TASK: Include no pictures. Output exactly the lines from the one that contains "## KiCad design 11_Joystick.kicad_pcb" through the final line of the entries.

(Items from a data source)
____
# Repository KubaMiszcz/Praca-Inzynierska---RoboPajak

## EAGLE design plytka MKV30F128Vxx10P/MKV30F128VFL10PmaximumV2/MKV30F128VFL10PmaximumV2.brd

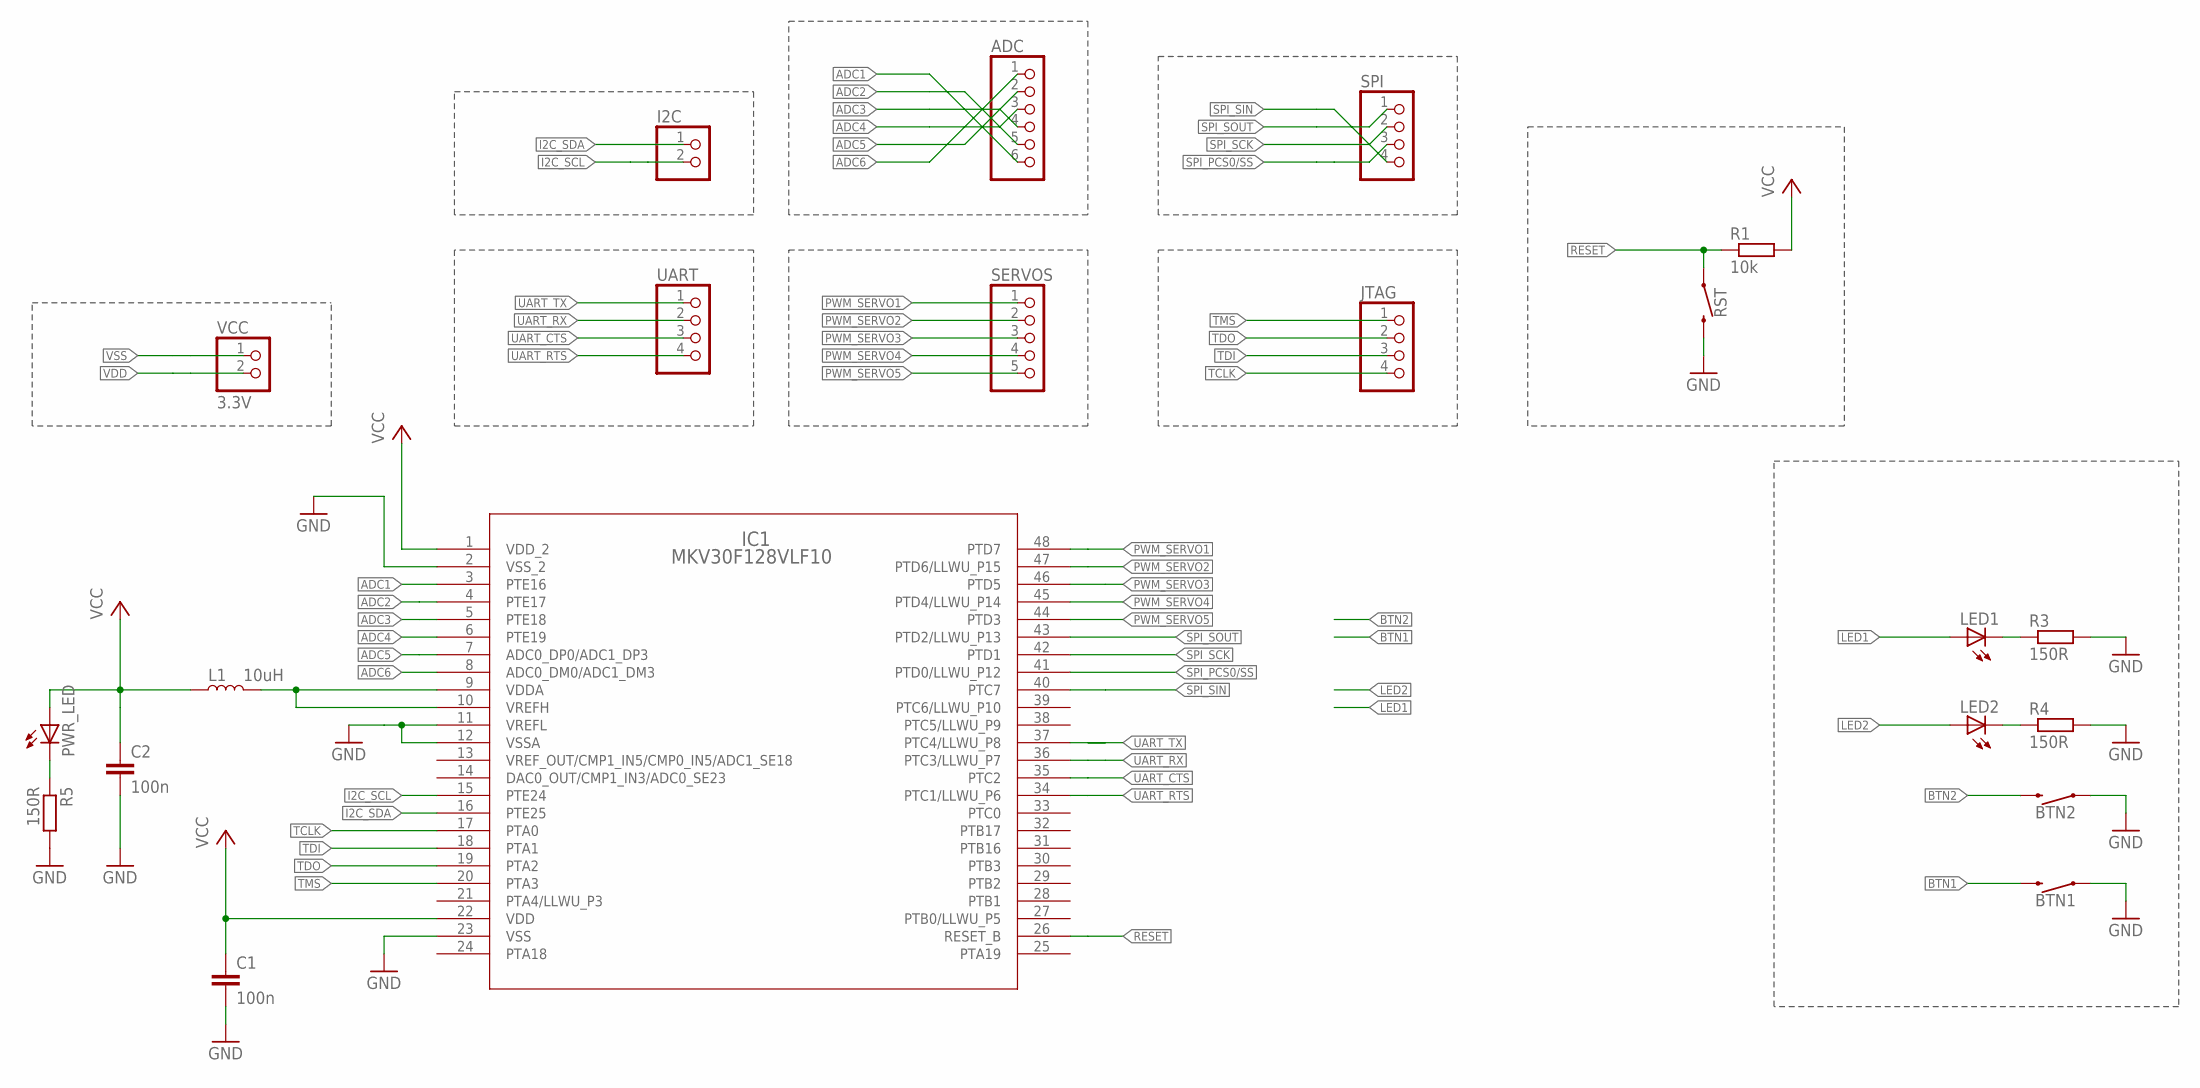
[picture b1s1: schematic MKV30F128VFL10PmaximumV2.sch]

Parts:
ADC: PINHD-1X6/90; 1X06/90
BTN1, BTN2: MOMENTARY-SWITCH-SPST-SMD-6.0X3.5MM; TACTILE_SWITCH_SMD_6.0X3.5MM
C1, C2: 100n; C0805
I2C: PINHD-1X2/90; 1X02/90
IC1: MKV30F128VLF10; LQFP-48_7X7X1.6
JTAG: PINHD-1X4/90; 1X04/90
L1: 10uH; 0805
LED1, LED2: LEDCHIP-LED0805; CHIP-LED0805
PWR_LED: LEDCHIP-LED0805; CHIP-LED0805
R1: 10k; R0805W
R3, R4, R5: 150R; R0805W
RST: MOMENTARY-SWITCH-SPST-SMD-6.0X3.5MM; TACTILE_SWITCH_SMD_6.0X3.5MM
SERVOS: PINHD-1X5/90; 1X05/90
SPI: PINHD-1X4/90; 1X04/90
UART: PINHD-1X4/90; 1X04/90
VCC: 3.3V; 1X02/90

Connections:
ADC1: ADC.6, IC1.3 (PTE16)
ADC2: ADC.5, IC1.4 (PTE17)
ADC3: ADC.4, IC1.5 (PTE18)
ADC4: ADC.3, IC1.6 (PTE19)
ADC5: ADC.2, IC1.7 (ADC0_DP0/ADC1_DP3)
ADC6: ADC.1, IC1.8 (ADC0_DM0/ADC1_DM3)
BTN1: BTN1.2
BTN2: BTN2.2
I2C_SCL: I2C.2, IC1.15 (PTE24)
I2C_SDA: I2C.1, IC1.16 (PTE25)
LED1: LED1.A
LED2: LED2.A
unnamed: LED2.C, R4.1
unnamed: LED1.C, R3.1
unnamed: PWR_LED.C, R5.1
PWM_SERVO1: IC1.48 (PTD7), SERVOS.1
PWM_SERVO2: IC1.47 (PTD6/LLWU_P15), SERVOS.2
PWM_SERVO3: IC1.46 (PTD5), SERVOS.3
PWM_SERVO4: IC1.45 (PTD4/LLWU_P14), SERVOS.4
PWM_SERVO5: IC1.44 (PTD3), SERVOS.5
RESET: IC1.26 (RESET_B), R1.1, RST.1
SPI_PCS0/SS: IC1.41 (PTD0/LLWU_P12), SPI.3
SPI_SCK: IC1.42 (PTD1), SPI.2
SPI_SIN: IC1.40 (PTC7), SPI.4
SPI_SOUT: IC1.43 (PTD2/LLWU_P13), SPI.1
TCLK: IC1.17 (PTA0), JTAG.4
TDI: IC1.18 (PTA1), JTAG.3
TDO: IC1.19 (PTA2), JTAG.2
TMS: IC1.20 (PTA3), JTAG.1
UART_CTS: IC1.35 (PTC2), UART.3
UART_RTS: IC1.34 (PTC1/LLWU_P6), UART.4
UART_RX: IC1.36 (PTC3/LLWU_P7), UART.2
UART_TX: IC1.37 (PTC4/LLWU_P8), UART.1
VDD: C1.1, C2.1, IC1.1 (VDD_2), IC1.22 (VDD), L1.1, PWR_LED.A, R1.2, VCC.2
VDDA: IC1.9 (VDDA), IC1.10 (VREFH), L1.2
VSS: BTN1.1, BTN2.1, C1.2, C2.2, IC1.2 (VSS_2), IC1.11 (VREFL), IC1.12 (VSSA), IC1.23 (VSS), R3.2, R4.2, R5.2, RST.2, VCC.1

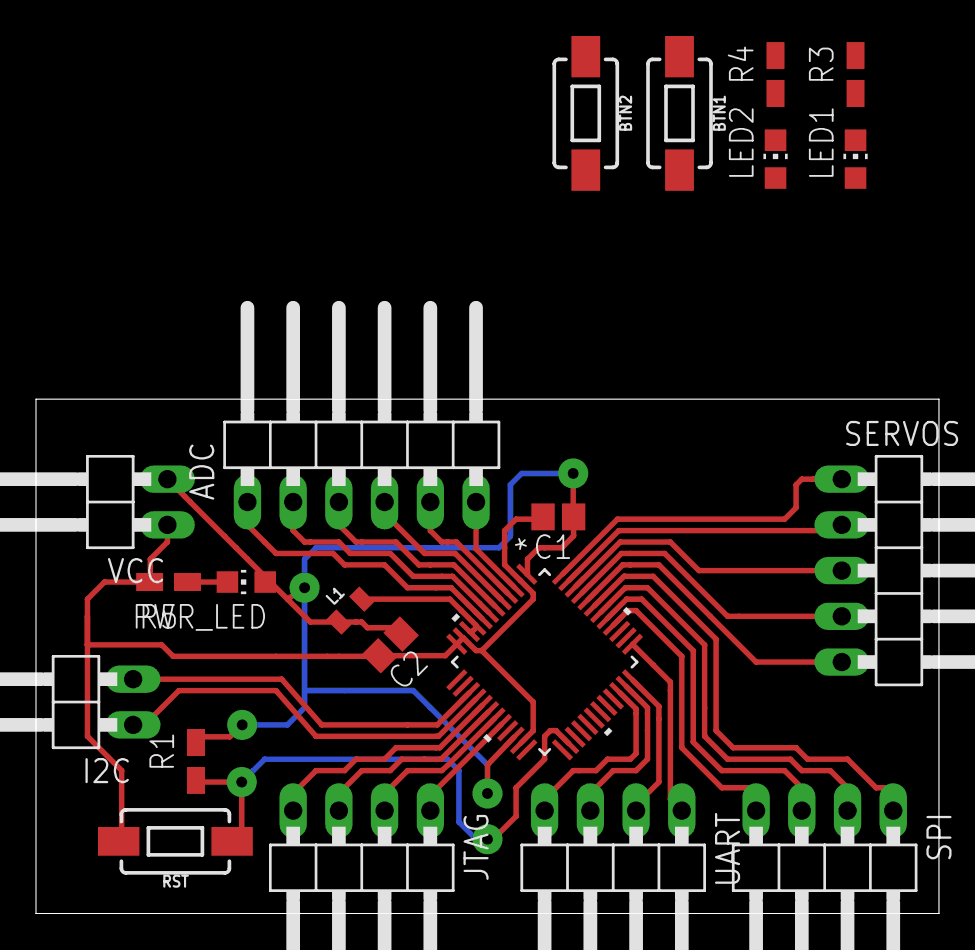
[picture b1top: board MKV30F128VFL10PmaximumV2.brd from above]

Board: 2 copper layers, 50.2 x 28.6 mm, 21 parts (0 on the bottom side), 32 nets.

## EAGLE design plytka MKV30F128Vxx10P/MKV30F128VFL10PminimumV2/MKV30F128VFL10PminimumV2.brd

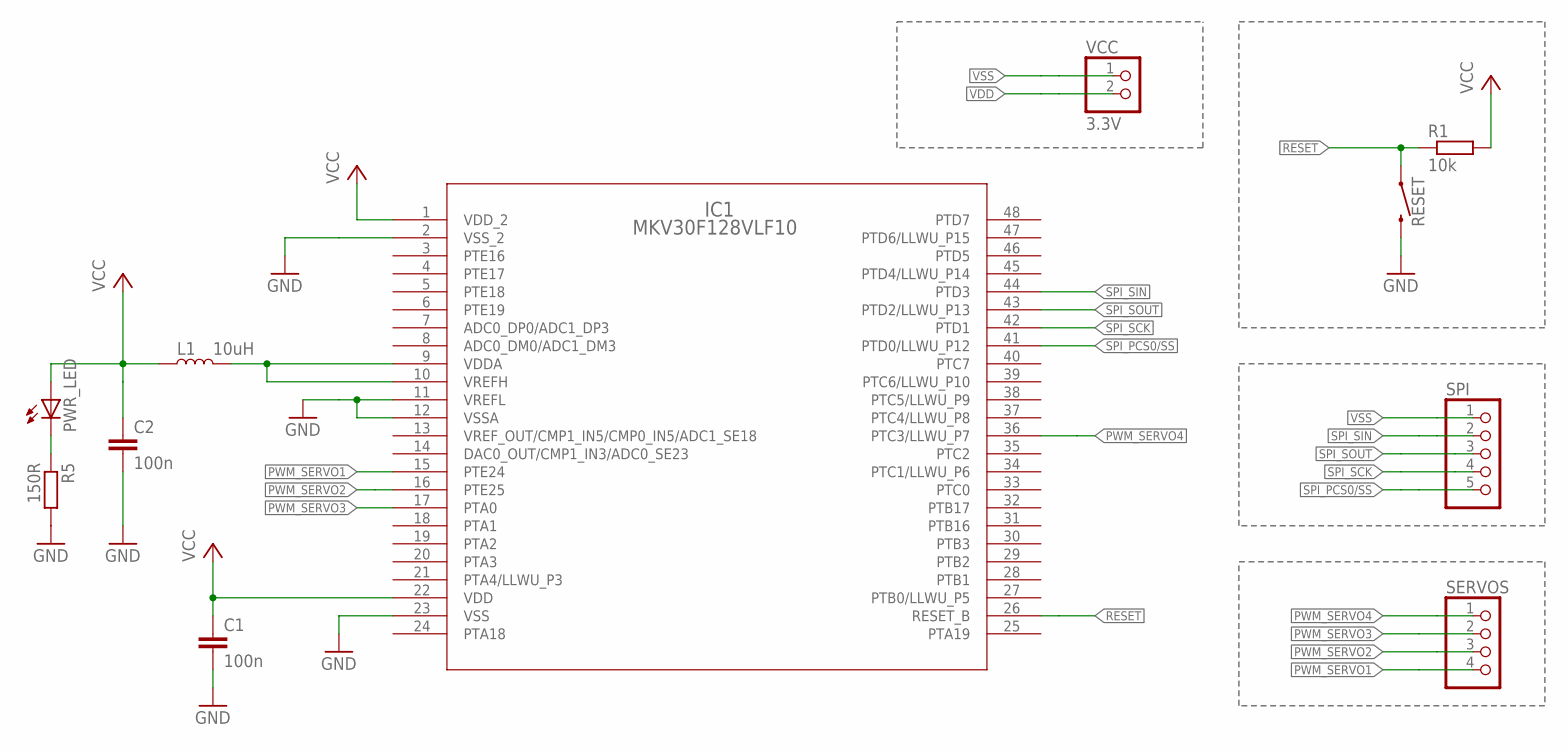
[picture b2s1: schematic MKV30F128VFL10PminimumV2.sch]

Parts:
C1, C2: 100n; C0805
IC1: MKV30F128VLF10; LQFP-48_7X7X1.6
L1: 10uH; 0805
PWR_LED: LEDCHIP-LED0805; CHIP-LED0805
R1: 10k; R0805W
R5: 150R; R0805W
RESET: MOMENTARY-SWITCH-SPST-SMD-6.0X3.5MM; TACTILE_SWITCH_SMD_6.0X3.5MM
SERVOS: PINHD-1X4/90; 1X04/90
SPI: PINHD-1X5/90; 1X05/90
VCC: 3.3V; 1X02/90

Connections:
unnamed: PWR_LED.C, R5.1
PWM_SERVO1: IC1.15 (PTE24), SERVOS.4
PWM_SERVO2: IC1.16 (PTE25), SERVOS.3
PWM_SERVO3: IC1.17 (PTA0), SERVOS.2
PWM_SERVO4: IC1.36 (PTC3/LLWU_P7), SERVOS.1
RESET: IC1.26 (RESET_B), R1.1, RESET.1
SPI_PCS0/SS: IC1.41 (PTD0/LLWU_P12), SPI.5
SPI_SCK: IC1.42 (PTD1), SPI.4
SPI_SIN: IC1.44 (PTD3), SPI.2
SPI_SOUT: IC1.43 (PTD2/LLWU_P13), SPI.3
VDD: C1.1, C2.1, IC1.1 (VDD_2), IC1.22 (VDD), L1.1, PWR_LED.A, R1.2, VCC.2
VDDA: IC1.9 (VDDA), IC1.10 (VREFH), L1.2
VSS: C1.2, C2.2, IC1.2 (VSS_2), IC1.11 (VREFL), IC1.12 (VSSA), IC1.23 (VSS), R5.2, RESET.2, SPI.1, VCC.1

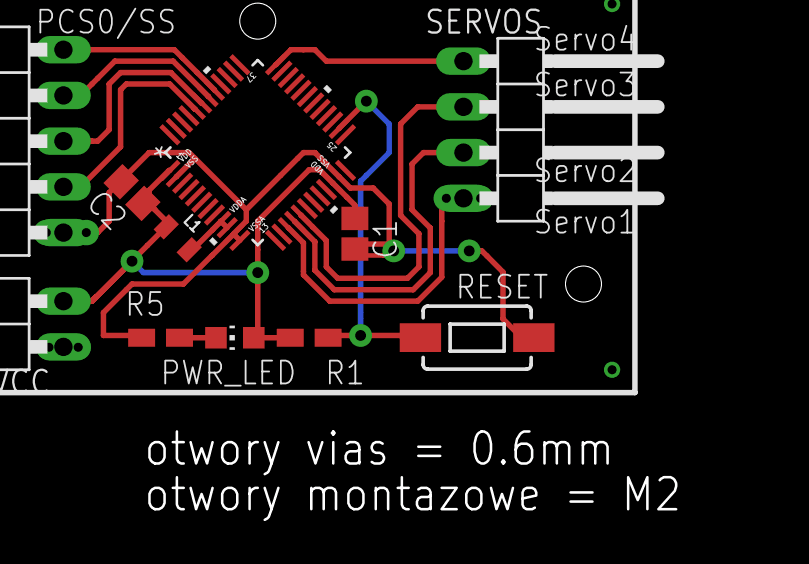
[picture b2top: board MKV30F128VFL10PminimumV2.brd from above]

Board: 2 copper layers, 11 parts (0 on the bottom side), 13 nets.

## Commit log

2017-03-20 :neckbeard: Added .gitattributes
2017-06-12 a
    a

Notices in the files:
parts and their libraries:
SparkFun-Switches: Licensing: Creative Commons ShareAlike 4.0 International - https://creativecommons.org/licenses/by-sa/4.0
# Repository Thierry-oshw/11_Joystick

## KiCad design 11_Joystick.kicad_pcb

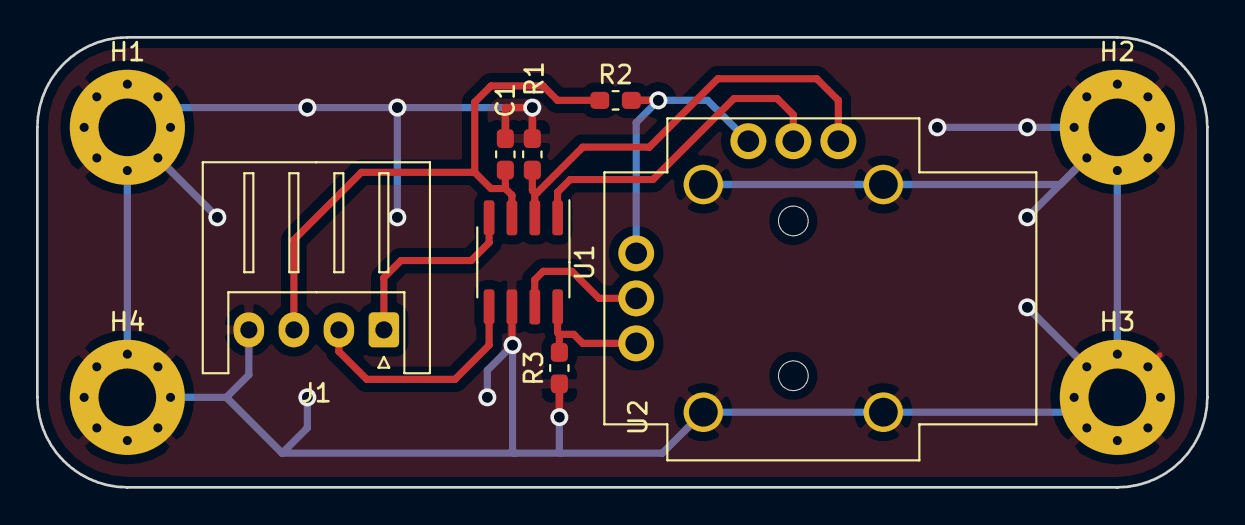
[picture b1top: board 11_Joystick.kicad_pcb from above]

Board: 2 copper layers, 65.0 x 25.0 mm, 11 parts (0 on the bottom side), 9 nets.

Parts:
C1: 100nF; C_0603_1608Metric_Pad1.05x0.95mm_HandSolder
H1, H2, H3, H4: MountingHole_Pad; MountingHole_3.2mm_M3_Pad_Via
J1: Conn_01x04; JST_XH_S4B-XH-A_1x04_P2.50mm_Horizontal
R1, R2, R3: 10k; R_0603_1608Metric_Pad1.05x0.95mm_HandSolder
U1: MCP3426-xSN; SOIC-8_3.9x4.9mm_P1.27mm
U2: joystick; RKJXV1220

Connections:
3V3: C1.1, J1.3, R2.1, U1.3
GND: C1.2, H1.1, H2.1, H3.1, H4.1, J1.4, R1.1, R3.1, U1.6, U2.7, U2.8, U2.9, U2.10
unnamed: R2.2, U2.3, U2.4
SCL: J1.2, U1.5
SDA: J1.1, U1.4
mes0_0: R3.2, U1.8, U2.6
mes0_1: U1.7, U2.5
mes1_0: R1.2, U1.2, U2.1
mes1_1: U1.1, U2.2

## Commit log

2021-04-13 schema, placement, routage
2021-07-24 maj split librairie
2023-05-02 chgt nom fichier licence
____
OUTPUT BELOW:
## KiCad design 11_Joystick.kicad_pcb

[picture b1top: board 11_Joystick.kicad_pcb from above]

Board: 2 copper layers, 65.0 x 25.0 mm, 11 parts (0 on the bottom side), 9 nets.

Parts:
C1: 100nF; C_0603_1608Metric_Pad1.05x0.95mm_HandSolder
H1, H2, H3, H4: MountingHole_Pad; MountingHole_3.2mm_M3_Pad_Via
J1: Conn_01x04; JST_XH_S4B-XH-A_1x04_P2.50mm_Horizontal
R1, R2, R3: 10k; R_0603_1608Metric_Pad1.05x0.95mm_HandSolder
U1: MCP3426-xSN; SOIC-8_3.9x4.9mm_P1.27mm
U2: joystick; RKJXV1220

Connections:
3V3: C1.1, J1.3, R2.1, U1.3
GND: C1.2, H1.1, H2.1, H3.1, H4.1, J1.4, R1.1, R3.1, U1.6, U2.7, U2.8, U2.9, U2.10
unnamed: R2.2, U2.3, U2.4
SCL: J1.2, U1.5
SDA: J1.1, U1.4
mes0_0: R3.2, U1.8, U2.6
mes0_1: U1.7, U2.5
mes1_0: R1.2, U1.2, U2.1
mes1_1: U1.1, U2.2

## Commit log

2021-04-13 schema, placement, routage
2021-07-24 maj split librairie
2023-05-02 chgt nom fichier licence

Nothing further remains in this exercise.